Question

How do you find the principal square root of 8?

Answer 1

For a non-negative real number, `n` (like `8`) the principal square root is the non-negative solution to `x^2=n`

The symbol `sqrtn` is used for the principal square root of `n`.

Thw pricipal square root of `8`, denoted `sqrt8` is the number whose sguare is `8`. There is no easy method for finding this number. We use successive approximation (or other iterative techniques) to get increasingly accurate approximations.

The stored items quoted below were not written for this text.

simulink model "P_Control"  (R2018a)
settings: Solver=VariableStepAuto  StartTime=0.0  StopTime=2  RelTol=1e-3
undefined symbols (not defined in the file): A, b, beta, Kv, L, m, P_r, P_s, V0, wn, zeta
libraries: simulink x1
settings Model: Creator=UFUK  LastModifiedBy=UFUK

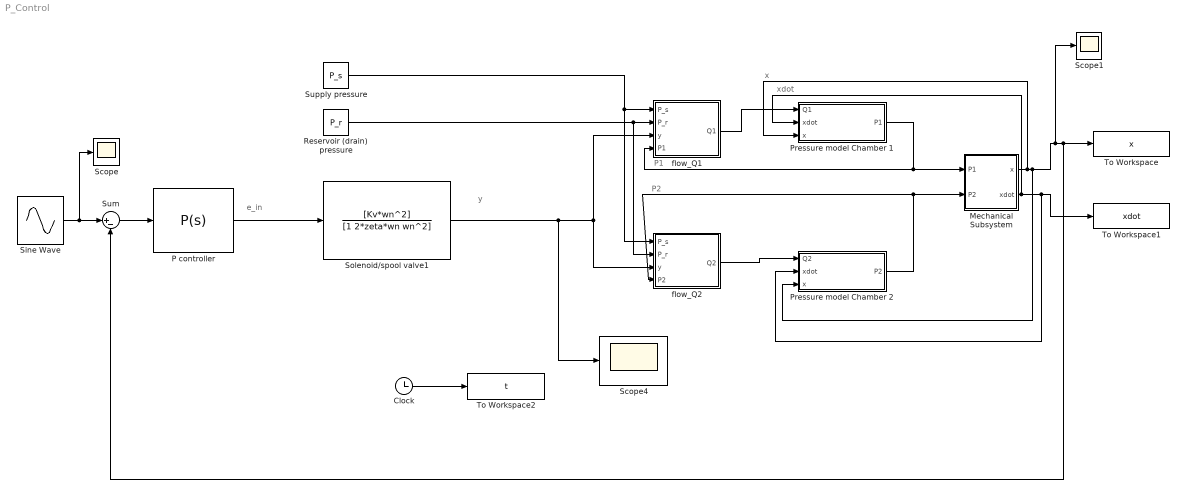
== system P_Control ==
  note: xdot
  note: x
  note: y
  note: P2
  note: P1
  note: e_in
  " flow_Q2" : MATLAB Function  TreatAsAtomicUnit=on
  Clock : Clock
  Mechanical Subsystem : Subsystem
  P controller : simulink/Continuous/PID Controller  Controller=P  TimeDomain=Continuous-time  SampleTime=-1  IntegratorMethod=Forward Euler  FilterMethod=Forward Euler  Form=Parallel  UseFilter=on  ControllerParametersSource=internal  P=352.94  I=1  D=0  N=100  InitialConditionSource=internal  InitialConditionForIntegrator=0  InitialConditionForFilter=0  ExternalReset=none  LimitOutput=off  UpperSaturationLimit=inf  LowerSaturationLimit=-inf  LinearizeAsGain=on  AntiWindupMode=none  Kb=1  TrackingMode=off  Kt=1  PParamMin=[]  PParamMax=[]  IParamMin=[]  IParamMax=[]  DParamMin=[]  DParamMax=[]  NParamMin=[]  NParamMax=[]  KbParamMin=[]  KbParamMax=[]  KtParamMin=[]  KtParamMax=[]  POutMin=[]  POutMax=[]  IOutMin=[]  IOutMax=[]  DOutMin=[]  DOutMax=[]  NOutMin=[]  NOutMax=[]  KbOutMin=[]  KbOutMax=[]  KtOutMin=[]  KtOutMax=[]  IntegratorOutMin=[]  IntegratorOutMax=[]  FilterOutMin=[]  FilterOutMax=[]  SumOutMin=[]  SumOutMax=[]  SumI1OutMin=[]  SumI1OutMax=[]  SumI2OutMin=[]  SumI2OutMax=[]  SumI3OutMin=[]  SumI3OutMax=[]  SumDOutMin=[]  SumDOutMax=[]  SaturationOutMin=[]  SaturationOutMax=[]  IntegratorContinuousStateAttributes=''  IntegratorStateMustResolveToSignalObject=off  IntegratorRTWStateStorageClass=Auto  FilterContinuousStateAttributes=''  FilterStateMustResolveToSignalObject=off  FilterRTWStateStorageClass=Auto  DifferentiatorICPrevScaledInput=0  DifferentiatorOutMin=[]  DifferentiatorOutMax=[]  FilterDiffOutCoefMin=[]  FilterDiffOutCoefMax=[]  SumDenOutMin=[]  SumDenOutMax=[]  SumNumOutMin=[]  SumNumOutMax=[]  ReciprocalOutMin=[]  ReciprocalOutMax=[]  DivideOutMin=[]  DivideOutMax=[]  TunerSelectOption=Transfer Function Based (PID Tuner App)
  Pressure model Chamber 1 : Subsystem
  Pressure model Chamber 2 : Subsystem
  Reservoir (drain) pressure : Constant  Value=P_r
  Scope : Scope
  Scope1 : Scope
  Scope4 : Scope
  Sine Wave : Sin  Amplitude=L/4  Bias=L/2  Frequency=12.57  SampleTime=0
  Solenoid/spool valve1 : TransferFcn  Numerator=[Kv*wn^2]  Denominator=[1 2*zeta*wn wn^2]
  Sum : Sum  Inputs=|+-
  Supply pressure : Constant  Value=P_s
  To Workspace : ToWorkspace  VariableName=x  SaveFormat=Timeseries  SampleTime=-1
  To Workspace1 : ToWorkspace  VariableName=xdot  SaveFormat=Timeseries  SampleTime=-1
  To Workspace2 : ToWorkspace  VariableName=t  SaveFormat=Timeseries  SampleTime=-1
  flow_Q1 : MATLAB Function  TreatAsAtomicUnit=on
  wires:
  Mechanical Subsystem/2(xdot) -> To Workspace1/1, Pressure model Chamber 2/2(xdot), Pressure model Chamber 1/2(xdot)
  P controller/1 -> Solenoid/spool valve1/1
  Reservoir (drain) pressure/1 -> " flow_Q2"/2(P_r), flow_Q1/2(P_r)
  Sum/1 -> P controller/1
  Sine Wave/1 -> Scope/1, Sum/1
  " flow_Q2"/1(Q2) -> Pressure model Chamber 2/1(Q2)
  Mechanical Subsystem/1(x) -> Scope1/1, Sum/2, To Workspace/1, Pressure model Chamber 2/3(x), Pressure model Chamber 1/3(x)
  Supply pressure/1 -> " flow_Q2"/1(P_s), flow_Q1/1(P_s)
  Pressure model Chamber 1/1(P1) -> flow_Q1/4(P1), Mechanical Subsystem/1(P1)
  flow_Q1/1(Q1) -> Pressure model Chamber 1/1(Q1)
  Pressure model Chamber 2/1(P2) -> Mechanical Subsystem/2(P2), " flow_Q2"/4(P2)
  Clock/1 -> To Workspace2/1
  Solenoid/spool valve1/1 -> Scope4/1, flow_Q1/3(y), " flow_Q2"/3(y)

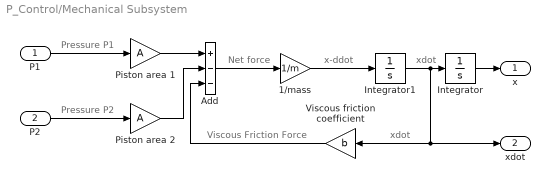
== system P_Control/Mechanical Subsystem ==
  note: xdot
  note: xdot
  note: x-ddot
  note: Net force
  note: Viscous Friction Force
  note: Pressure P2
  note: Pressure P1
  P1 : Inport
  P2 : Inport  Port=2
  1/mass : Gain  Gain=1/m
  Add : Sum  Inputs=+--
  Integrator : Integrator  InitialCondition=L/2
  Integrator1 : Integrator
  Piston area 1 : Gain  Gain=A
  Piston area 2 : Gain  Gain=A
  Viscous friction coefficient : Gain  Gain=b
  x : Outport  VectorParamsAs1DForOutWhenUnconnected=on
  xdot : Outport  Port=2  VectorParamsAs1DForOutWhenUnconnected=on
  wires:
  P2/1 -> Piston area 2/1
  P1/1 -> Piston area 1/1
  Piston area 1/1 -> Add/1
  Piston area 2/1 -> Add/2
  Add/1 -> 1/mass/1
  1/mass/1 -> Integrator1/1
  Integrator1/1 -> Integrator/1, xdot/1, Viscous friction coefficient/1
  Integrator/1 -> x/1
  Viscous friction coefficient/1 -> Add/3

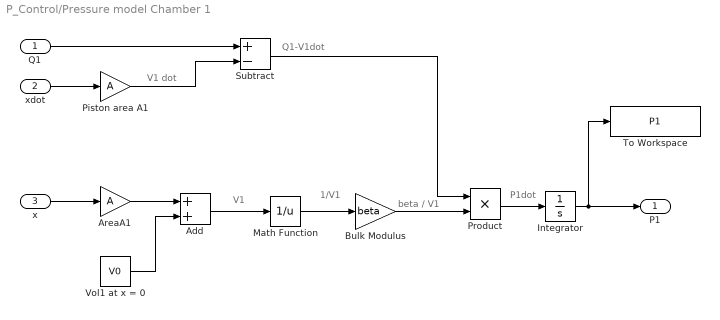
== system P_Control/Pressure model Chamber 1 ==
  note: P1dot
  note: beta / V1
  note: 1/V1
  note: V1
  note: Q1-V1dot
  note: V1 dot
  Q1 : Inport
  xdot : Inport  Port=2
  x : Inport  Port=3
  Add : Sum
  AreaA1 : Gain  Gain=A
  Bulk Modulus : Gain  Gain=beta
  Integrator : Integrator  InitialCondition=0.1*P_s
  Math Function : Math  Operator=reciprocal  SaturateOnIntegerOverflow=on
  Piston area A1 : Gain  Gain=A
  Product : Product
  Subtract : Sum  Inputs=+-
  To Workspace : ToWorkspace  VariableName=P1  SaveFormat=Timeseries  SampleTime=-1
  Vol1 at x = 0 : Constant  Value=V0
  P1 : Outport  VectorParamsAs1DForOutWhenUnconnected=on
  wires:
  Q1/1 -> Subtract/1
  xdot/1 -> Piston area A1/1
  Piston area A1/1 -> Subtract/2
  x/1 -> AreaA1/1
  AreaA1/1 -> Add/1
  Subtract/1 -> Product/1
  Math Function/1 -> Bulk Modulus/1
  Add/1 -> Math Function/1
  Product/1 -> Integrator/1
  Integrator/1 -> To Workspace/1, P1/1
  Vol1 at x = 0/1 -> Add/2
  Bulk Modulus/1 -> Product/2

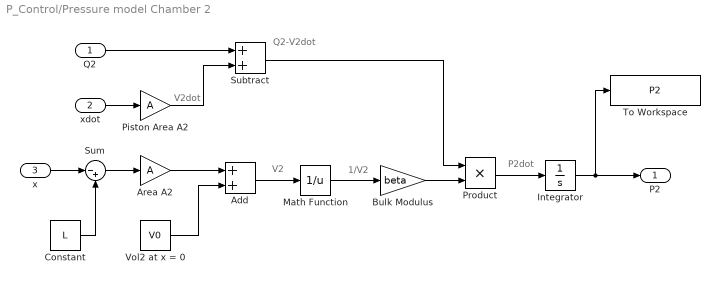
== system P_Control/Pressure model Chamber 2 ==
  note: P2dot
  note: 1/V2
  note: V2
  note: Q2-V2dot
  note: V2dot
  Q2 : Inport
  xdot : Inport  Port=2
  x : Inport  Port=3
  Add : Sum
  Area A2 : Gain  Gain=A
  Bulk Modulus : Gain  Gain=beta
  Constant : Constant  Value=L
  Integrator : Integrator  InitialCondition=0.1*P_s
  Math Function : Math  Operator=reciprocal  SaturateOnIntegerOverflow=on
  Piston Area A2 : Gain  Gain=A
  Product : Product
  Subtract : Sum
  Sum : Sum  Inputs=|-+
  To Workspace : ToWorkspace  VariableName=P2  SaveFormat=Timeseries  SampleTime=-1
  Vol2 at x = 0 : Constant  Value=V0
  P2 : Outport  VectorParamsAs1DForOutWhenUnconnected=on
  wires:
  xdot/1 -> Piston Area A2/1
  Add/1 -> Math Function/1
  Math Function/1 -> Bulk Modulus/1
  Bulk Modulus/1 -> Product/2
  Area A2/1 -> Add/1
  Q2/1 -> Subtract/1
  Piston Area A2/1 -> Subtract/2
  Subtract/1 -> Product/1
  Product/1 -> Integrator/1
  Integrator/1 -> To Workspace/1, P2/1
  Vol2 at x = 0/1 -> Add/2
  Sum/1 -> Area A2/1
  Constant/1 -> Sum/2
  x/1 -> Sum/1

== matlab function P_Control/ flow_Q2 ==
  data: P_s input; Q2 output; P_r input; y input; P2 input
% flow_Q2.m
%
% This M-file models the volumetric-flow rate of fluid in/out of chamber 2.
% Assumes valve flow is modeled by flow through a sharp-edged orifice
%
% Inputs: u (4x1 vector) = [ P_s P_r y P2 ]'
% P_s = supply pressure, Pa
% P_r = reservoir pressure (drain), Pa
% y = valve displacement, m
% P2 = pressure of chamber 2, Pa
%
% Output: Q2= in/out volumetric-flow rate, m^3/s
%

function Q2 = flow_Q2(P_s, P_r, y, P2)
u = [P_s P_r y P2]';
%system parameter
h = 0.0092; %height of the valve opening,m

%hydraulic constants
Cd = 0.62; %discharge coefficient
rho = 896; %fluid density, kg/m^3

%System inputs
P_s = u(1); % supply pressure, Pa
P_r = u(2); %reservoir pressure, Pa
y = u(3); %valve displacement, m
P1 = u(4); % pressure in chamber 1, Pa

%Compute valve orifice area
Av = abs(y)*h; %valve orifice area, m^2

% Determine if flow is from supply (y > 0), or if flow
% is out to reservoir pressure (y < 0)
if y <= 0
    % Chamber 2 is connected to the supply, P_s
    % (flow is positive if P_s > P1)
    Q2 = Cd*Av*sign(P_s - P2)*sqrt(2*abs(P_s - P2)/rho);
else
    % Chamber 2 is connected to the reservoir, P_r
    % (flow is negative if P2 > P_r)
    Q2 = -Cd*Av*sign(P2 - P_r)*sqrt(2*abs(P2 - P_r)/rho);
end
y=u;

== matlab function P_Control/flow_Q1 ==
  data: P_s input; Q1 output; P_r input; y input; P1 input
% flow_Q1.m
%
% This M-file models the volumetric-flow rate of fluid in/out of chamber 1.
% Assumes valve flow is modeled by flow through a sharp-edged orifice
%
% Inputs: u (4x1 vector) = [ P_s P_r y P1 ]'
% P_s = supply pressure, Pa
% P_r = reservoir pressure (drain), Pa
% y = valve displacement, m
% P1 = pressure of chamber 1, Pa
%
% Output: Q1 = in/out volumetric-flow rate, m^3/s
%
function Q1 = flow_Q1(P_s,P_r,y,P1)
u = [P_s P_r y P1]';
%system parameter
h = 0.0092; %height of the valve opening,m

%hydraulic constants
Cd = 0.62; %discharge coefficient
rho = 896; %fluid density, kg/m^3

%System inputs
P_s = u(1); % supply pressure, Pa
P_r = u(2); %reservoir pressure, Pa
y = u(3); %valve displacement, m
P1 = u(4); % pressure in chamber 1, Pa

%Compute valve orifice area
Av = abs (y)*h; %valve orifice area, m^2

% Determine if flow is from supply (y > 0), or if flow
% is out to reservoir pressure (y < 0)
if y >= 0
    % Chamber 1 is connected to the supply, P_s
    % (flow is positive if P_s > P1)
    Q1 = Cd*Av*sign(P_s - P1)*sqrt(2*abs(P_s - P1)/rho);
else
    % Chamber 1 is connected to the reservoir, P_r
    % (flow is negative if P1 > P_r)
    Q1 = -Cd*Av*sign(P1 - P_r)*sqrt(2*abs(P1 - P_r)/rho);
end
y = u;

We do, however write `sqrt8` in "simpler" form `2sqrt2`

`sqrt8=sqrt(4*2)=sqrt4*sqrt2=2sqrt2`. Perhaps this is what you meant by "find"?

Answer 2

If, by "find" you mean get a decimal approximation, you could use: start with a number you know is close `3^2=9` and `2^2=4`, so we'll start with `3`

divide `8` by your last estimate: `8-:3=2.6667` (to 4 decimal places)
Average your previous estimate and the quotient:
`(3+2.6667)/2=2.8334` (rounding)

Repeat:
Divide: `8-:2.8334=2.8235`
Average: `(2.8334+2.8235)/2=2.8284`

Repeat
Divide: `8-:2.8284=2.8284`
Average `=2.8284`

`sqrt8~~2.8284` this estimate is accurate to 4 decimal places.
If you need more accuracy, start again and keep more places when rounding.